If Trump’s warnings are any indication, India’s auto sector could be high on his hit-list, although, on balance, this may be of little concern as India is likely to gain significant competitive advantage over China, reducing its vulnerability. “The emerging EV and electronics component segment—worth $15 to $20 billion—includes battery management, telematics, ADAS, and ABS. With tariffs putting China at a 20–25% disadvantage, India is in a sweet spot, which could allow exports to grow at 20–30% annually,” said Shradha Suri Marwah, President of the Automotive Component Manufacturers Association (ACMA).

Similarly, with the US imposing 20% tariffs on Chinese smartphones and IT hardware, Indian exporters can hope to expand their footprint in the US, especially in categories like smartphones, hearables and wearables, where America is not a key competitor. “The US is a $ 3Tn market and missing this opportunity could push the supply chain to other countries. At the same time, reciprocal tariffs could weaken our positon unless we refine our tariff structure, making it a double-edged sword”, ICEA told Outlook Business in a written response.

 

Will Custom Duty Cut Help?

In the last Union Budget Finance Minister, Nirmala Seetharaman outlined customs proposals to simplify India's tariff structure and correct duty inversion, aiming to promote exports and facilitate trade. She proposed eliminating seven custom tariff rates for industrial goods, building upon a similar move in the 2023-24 budget.

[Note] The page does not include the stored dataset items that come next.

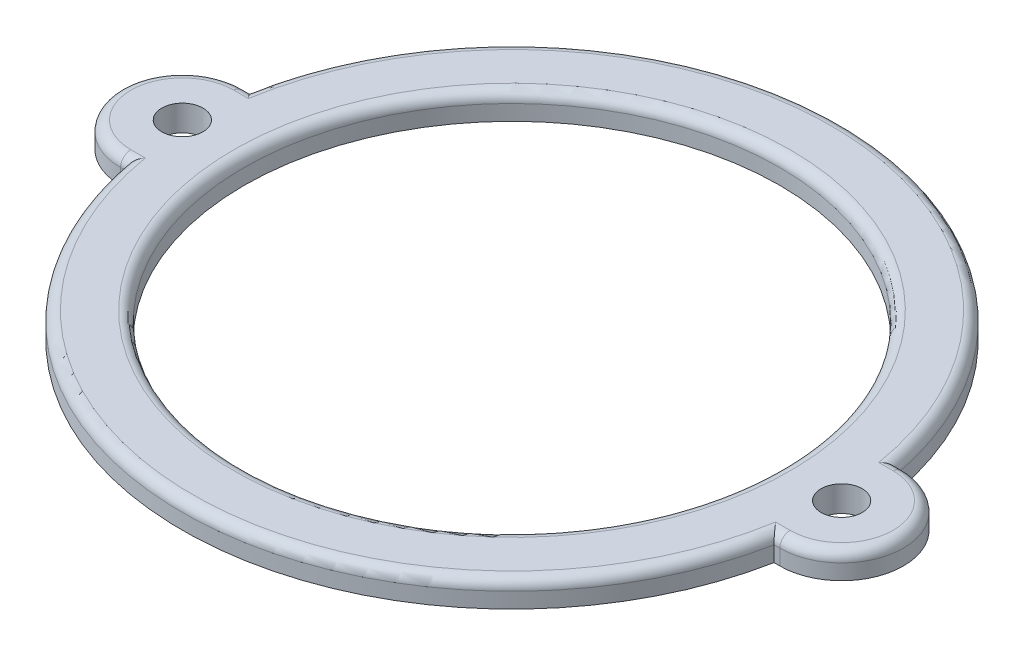
ISO-10303-21;
HEADER;
FILE_DESCRIPTION(('STEP AP214'),'2;1');
FILE_NAME('part.step','',(''),(''),'','','');
FILE_SCHEMA(('AUTOMOTIVE_DESIGN { 1 0 10303 214 1 1 1 1 }'));
ENDSEC;
DATA;
#1=APPLICATION_CONTEXT('core data for automotive mechanical design processes');
#2=APPLICATION_PROTOCOL_DEFINITION('international standard','automotive_design',2000,#1);
#3=PRODUCT_CONTEXT('',#1,'mechanical');
#4=PRODUCT('Part','Part','',(#3));
#5=PRODUCT_RELATED_PRODUCT_CATEGORY('part','',(#4));
#6=PRODUCT_DEFINITION_FORMATION('','',#4);
#7=PRODUCT_DEFINITION_CONTEXT('part definition',#1,'design');
#8=PRODUCT_DEFINITION('design','',#6,#7);
#9=PRODUCT_DEFINITION_SHAPE('','',#8);
#10=(LENGTH_UNIT() NAMED_UNIT(*) SI_UNIT(.MILLI.,.METRE.));
#11=(NAMED_UNIT(*) PLANE_ANGLE_UNIT() SI_UNIT($,.RADIAN.));
#12=(NAMED_UNIT(*) SI_UNIT($,.STERADIAN.) SOLID_ANGLE_UNIT());
#13=UNCERTAINTY_MEASURE_WITH_UNIT(LENGTH_MEASURE(1.E-05),#10,'distance_accuracy_value','');
#14=(GEOMETRIC_REPRESENTATION_CONTEXT(3) GLOBAL_UNCERTAINTY_ASSIGNED_CONTEXT((#13)) GLOBAL_UNIT_ASSIGNED_CONTEXT((#10,
#11,#12)) REPRESENTATION_CONTEXT('',''));
#15=CARTESIAN_POINT('',(0.,0.,0.));
#16=DIRECTION('',(0.,0.,1.));
#17=DIRECTION('',(1.,0.,0.));
#18=AXIS2_PLACEMENT_3D('',#15,#16,#17);
#19=CARTESIAN_POINT('',(32.,2.5,0.));
#20=DIRECTION('',(0.,-1.,0.));
#21=DIRECTION('',(0.,0.,-1.));
#22=AXIS2_PLACEMENT_3D('',#19,#20,#21);
#23=PLANE('',#22);
#24=DIRECTION('',(-1.,0.,0.));
#25=VECTOR('',#24,1.);
#26=CARTESIAN_POINT('',(32.,2.5,-5.00000000000001));
#27=LINE('',#26,#25);
#28=CARTESIAN_POINT('',(32.,2.5,-5.00000000000002));
#29=VERTEX_POINT('',#28);
#30=CARTESIAN_POINT('',(30.5941170815567,2.5,-5.00000000000001));
#31=VERTEX_POINT('',#30);
#32=EDGE_CURVE('E204',#29,#31,#27,.T.);
#33=ORIENTED_EDGE('',*,*,#32,.T.);
#34=CARTESIAN_POINT('',(0.,2.5,0.));
#35=DIRECTION('',(0.,-1.,0.));
#36=DIRECTION('',(0.,0.,-1.));
#37=AXIS2_PLACEMENT_3D('',#34,#35,#36);
#38=CIRCLE('',#37,31.);
#39=CARTESIAN_POINT('',(-30.5941170815567,2.5,-5.));
#40=VERTEX_POINT('',#39);
#41=EDGE_CURVE('E206',#31,#40,#38,.F.);
#42=ORIENTED_EDGE('',*,*,#41,.T.);
#43=DIRECTION('',(-1.,0.,0.));
#44=VECTOR('',#43,1.);
#45=CARTESIAN_POINT('',(32.,2.5,-5.));
#46=LINE('',#45,#44);
#47=CARTESIAN_POINT('',(-32.,2.5,-5.));
#48=VERTEX_POINT('',#47);
#49=EDGE_CURVE('E202',#40,#48,#46,.T.);
#50=ORIENTED_EDGE('',*,*,#49,.T.);
#51=CARTESIAN_POINT('',(-32.,2.5,0.));
#52=DIRECTION('',(0.,-1.,0.));
#53=DIRECTION('',(0.,0.,-1.));
#54=AXIS2_PLACEMENT_3D('',#51,#52,#53);
#55=CIRCLE('',#54,5.);
#56=CARTESIAN_POINT('',(-32.,2.5,5.));
#57=VERTEX_POINT('',#56);
#58=EDGE_CURVE('E198',#48,#57,#55,.F.);
#59=ORIENTED_EDGE('',*,*,#58,.T.);
#60=DIRECTION('',(1.,0.,0.));
#61=VECTOR('',#60,1.);
#62=CARTESIAN_POINT('',(32.,2.5,5.));
#63=LINE('',#62,#61);
#64=CARTESIAN_POINT('',(-30.5941170815567,2.5,5.));
#65=VERTEX_POINT('',#64);
#66=EDGE_CURVE('E193',#57,#65,#63,.T.);
#67=ORIENTED_EDGE('',*,*,#66,.T.);
#68=CARTESIAN_POINT('',(0.,2.5,0.));
#69=DIRECTION('',(0.,-1.,0.));
#70=DIRECTION('',(0.,0.,-1.));
#71=AXIS2_PLACEMENT_3D('',#68,#69,#70);
#72=CIRCLE('',#71,31.);
#73=CARTESIAN_POINT('',(30.5941170815567,2.5,5.00000000000001));
#74=VERTEX_POINT('',#73);
#75=EDGE_CURVE('E191',#65,#74,#72,.F.);
#76=ORIENTED_EDGE('',*,*,#75,.T.);
#77=DIRECTION('',(1.,0.,0.));
#78=VECTOR('',#77,1.);
#79=CARTESIAN_POINT('',(32.,2.5,5.00000000000001));
#80=LINE('',#79,#78);
#81=CARTESIAN_POINT('',(32.,2.5,5.00000000000001));
#82=VERTEX_POINT('',#81);
#83=EDGE_CURVE('E195',#74,#82,#80,.T.);
#84=ORIENTED_EDGE('',*,*,#83,.T.);
#85=CARTESIAN_POINT('',(32.,2.5,0.));
#86=DIRECTION('',(0.,-1.,0.));
#87=DIRECTION('',(0.,0.,-1.));
#88=AXIS2_PLACEMENT_3D('',#85,#86,#87);
#89=CIRCLE('',#88,5.00000000000001);
#90=EDGE_CURVE('E200',#82,#29,#89,.F.);
#91=ORIENTED_EDGE('',*,*,#90,.T.);
#92=EDGE_LOOP('',(#33,#42,#50,#59,#67,#76,#84,#91));
#93=FACE_BOUND('',#92,.T.);
#94=CARTESIAN_POINT('',(0.,2.5,0.));
#95=DIRECTION('',(0.,-1.,0.));
#96=DIRECTION('',(0.,0.,-1.));
#97=AXIS2_PLACEMENT_3D('',#94,#95,#96);
#98=CIRCLE('',#97,27.);
#99=CARTESIAN_POINT('',(0.,2.5,-27.));
#100=VERTEX_POINT('',#99);
#101=EDGE_CURVE('E138',#100,#100,#98,.T.);
#102=ORIENTED_EDGE('',*,*,#101,.T.);
#103=EDGE_LOOP('',(#102));
#104=FACE_BOUND('',#103,.T.);
#105=CARTESIAN_POINT('',(-32.,2.5,0.));
#106=DIRECTION('',(0.,1.,0.));
#107=DIRECTION('',(0.,0.,1.));
#108=AXIS2_PLACEMENT_3D('',#105,#106,#107);
#109=CIRCLE('',#108,2.);
#110=CARTESIAN_POINT('',(-32.,2.5,2.));
#111=VERTEX_POINT('',#110);
#112=EDGE_CURVE('E158',#111,#111,#109,.T.);
#113=ORIENTED_EDGE('',*,*,#112,.F.);
#114=EDGE_LOOP('',(#113));
#115=FACE_BOUND('',#114,.T.);
#116=CARTESIAN_POINT('',(32.,2.5,0.));
#117=DIRECTION('',(0.,1.,0.));
#118=DIRECTION('',(0.,0.,1.));
#119=AXIS2_PLACEMENT_3D('',#116,#117,#118);
#120=CIRCLE('',#119,2.);
#121=CARTESIAN_POINT('',(32.,2.5,1.99999999999999));
#122=VERTEX_POINT('',#121);
#123=EDGE_CURVE('E451',#122,#122,#120,.T.);
#124=ORIENTED_EDGE('',*,*,#123,.F.);
#125=EDGE_LOOP('',(#124));
#126=FACE_BOUND('',#125,.T.);
#127=ADVANCED_FACE('F36',(#93,#104,#115,#126),#23,.F.);
#128=CARTESIAN_POINT('',(32.,0.,0.));
#129=DIRECTION('',(0.,-1.,0.));
#130=DIRECTION('',(0.,0.,-1.));
#131=AXIS2_PLACEMENT_3D('',#128,#129,#130);
#132=PLANE('',#131);
#133=CARTESIAN_POINT('',(-32.,0.,0.));
#134=DIRECTION('',(0.,1.,0.));
#135=DIRECTION('',(0.,0.,1.));
#136=AXIS2_PLACEMENT_3D('',#133,#134,#135);
#137=CIRCLE('',#136,2.);
#138=CARTESIAN_POINT('',(-32.,0.,2.));
#139=VERTEX_POINT('',#138);
#140=EDGE_CURVE('E454',#139,#139,#137,.T.);
#141=ORIENTED_EDGE('',*,*,#140,.T.);
#142=EDGE_LOOP('',(#141));
#143=FACE_BOUND('',#142,.T.);
#144=CARTESIAN_POINT('',(32.,0.,0.));
#145=DIRECTION('',(0.,1.,0.));
#146=DIRECTION('',(0.,0.,-1.));
#147=AXIS2_PLACEMENT_3D('',#144,#145,#146);
#148=CIRCLE('',#147,6.00000000000001);
#149=CARTESIAN_POINT('',(32.,0.,6.00000000000001));
#150=VERTEX_POINT('',#149);
#151=CARTESIAN_POINT('',(32.,0.,-6.00000000000001));
#152=VERTEX_POINT('',#151);
#153=EDGE_CURVE('E146',#150,#152,#148,.T.);
#154=ORIENTED_EDGE('',*,*,#153,.F.);
#155=DIRECTION('',(1.,0.,0.));
#156=VECTOR('',#155,1.);
#157=CARTESIAN_POINT('',(32.,0.,6.00000000000001));
#158=LINE('',#157,#156);
#159=CARTESIAN_POINT('',(31.4324672910034,0.,6.));
#160=VERTEX_POINT('',#159);
#161=EDGE_CURVE('E175',#160,#150,#158,.T.);
#162=ORIENTED_EDGE('',*,*,#161,.F.);
#163=CARTESIAN_POINT('',(0.,0.,0.));
#164=DIRECTION('',(0.,1.,0.));
#165=DIRECTION('',(0.,0.,1.));
#166=AXIS2_PLACEMENT_3D('',#163,#164,#165);
#167=CIRCLE('',#166,32.);
#168=CARTESIAN_POINT('',(-31.4324672910034,0.,6.));
#169=VERTEX_POINT('',#168);
#170=EDGE_CURVE('E172',#169,#160,#167,.T.);
#171=ORIENTED_EDGE('',*,*,#170,.F.);
#172=DIRECTION('',(1.,0.,0.));
#173=VECTOR('',#172,1.);
#174=CARTESIAN_POINT('',(-32.,0.,6.));
#175=LINE('',#174,#173);
#176=CARTESIAN_POINT('',(-32.,0.,6.));
#177=VERTEX_POINT('',#176);
#178=EDGE_CURVE('E169',#177,#169,#175,.T.);
#179=ORIENTED_EDGE('',*,*,#178,.F.);
#180=CARTESIAN_POINT('',(-32.,0.,0.));
#181=DIRECTION('',(0.,1.,0.));
#182=DIRECTION('',(0.,0.,1.));
#183=AXIS2_PLACEMENT_3D('',#180,#181,#182);
#184=CIRCLE('',#183,6.);
#185=CARTESIAN_POINT('',(-32.,0.,-6.));
#186=VERTEX_POINT('',#185);
#187=EDGE_CURVE('E166',#186,#177,#184,.T.);
#188=ORIENTED_EDGE('',*,*,#187,.F.);
#189=DIRECTION('',(-1.,0.,0.));
#190=VECTOR('',#189,1.);
#191=CARTESIAN_POINT('',(-32.,0.,-6.));
#192=LINE('',#191,#190);
#193=CARTESIAN_POINT('',(-31.4324672910034,0.,-6.00000000000001));
#194=VERTEX_POINT('',#193);
#195=EDGE_CURVE('E163',#194,#186,#192,.T.);
#196=ORIENTED_EDGE('',*,*,#195,.F.);
#197=CARTESIAN_POINT('',(0.,0.,0.));
#198=DIRECTION('',(0.,1.,0.));
#199=DIRECTION('',(0.,0.,1.));
#200=AXIS2_PLACEMENT_3D('',#197,#198,#199);
#201=CIRCLE('',#200,32.);
#202=CARTESIAN_POINT('',(31.4324672910034,0.,-6.00000000000001));
#203=VERTEX_POINT('',#202);
#204=EDGE_CURVE('E149',#203,#194,#201,.T.);
#205=ORIENTED_EDGE('',*,*,#204,.F.);
#206=DIRECTION('',(-1.,0.,0.));
#207=VECTOR('',#206,1.);
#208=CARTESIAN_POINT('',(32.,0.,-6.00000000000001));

Not satisfied, in light of the Trump churn, exporters across sectors are pushing for a cut in India’s Basic Customs Duty (BCD) on imports from the US to boost exports. While the commerce ministry has assured protection to domestic exporters, particularly those in labour intensive leather and textiles sectors, representatives of apparel, electronic (particularly semiconductor) and automobile sectors are rooting for a zero-duty regime.

“The Government of India may consider a ‘ZERO for ZERO’ approach for apparel products of strategic interest. Since the tariff gap on cotton apparel is significant, an immediate duty cut on these products, followed by a phased reduction for man-made fibre (MMF) apparel, would be ideal, given MMF’s expected growth,” said Sudhir Sekhri.

A similar case is being made for the auto sector, where lower customs duties could enhance India's price competitiveness in global markets. “A strategic reduction in duties on auto components and finished vehicles would allow Indian exporters to offer more competitive pricing, positioning them as strong alternatives to suppliers from tariff-hit countries like China and South Korea,” said Ajinkya Firodia.

With the US poised to tighten its trade barriers, Indian exporters face mounting challenges. However, strategic tariff reforms, proactive government backing, and competitive pricing could help mitigate risks. By adapting swiftly to shifting trade dynamics, India can turn adversity into opportunity and strengthen its global export position.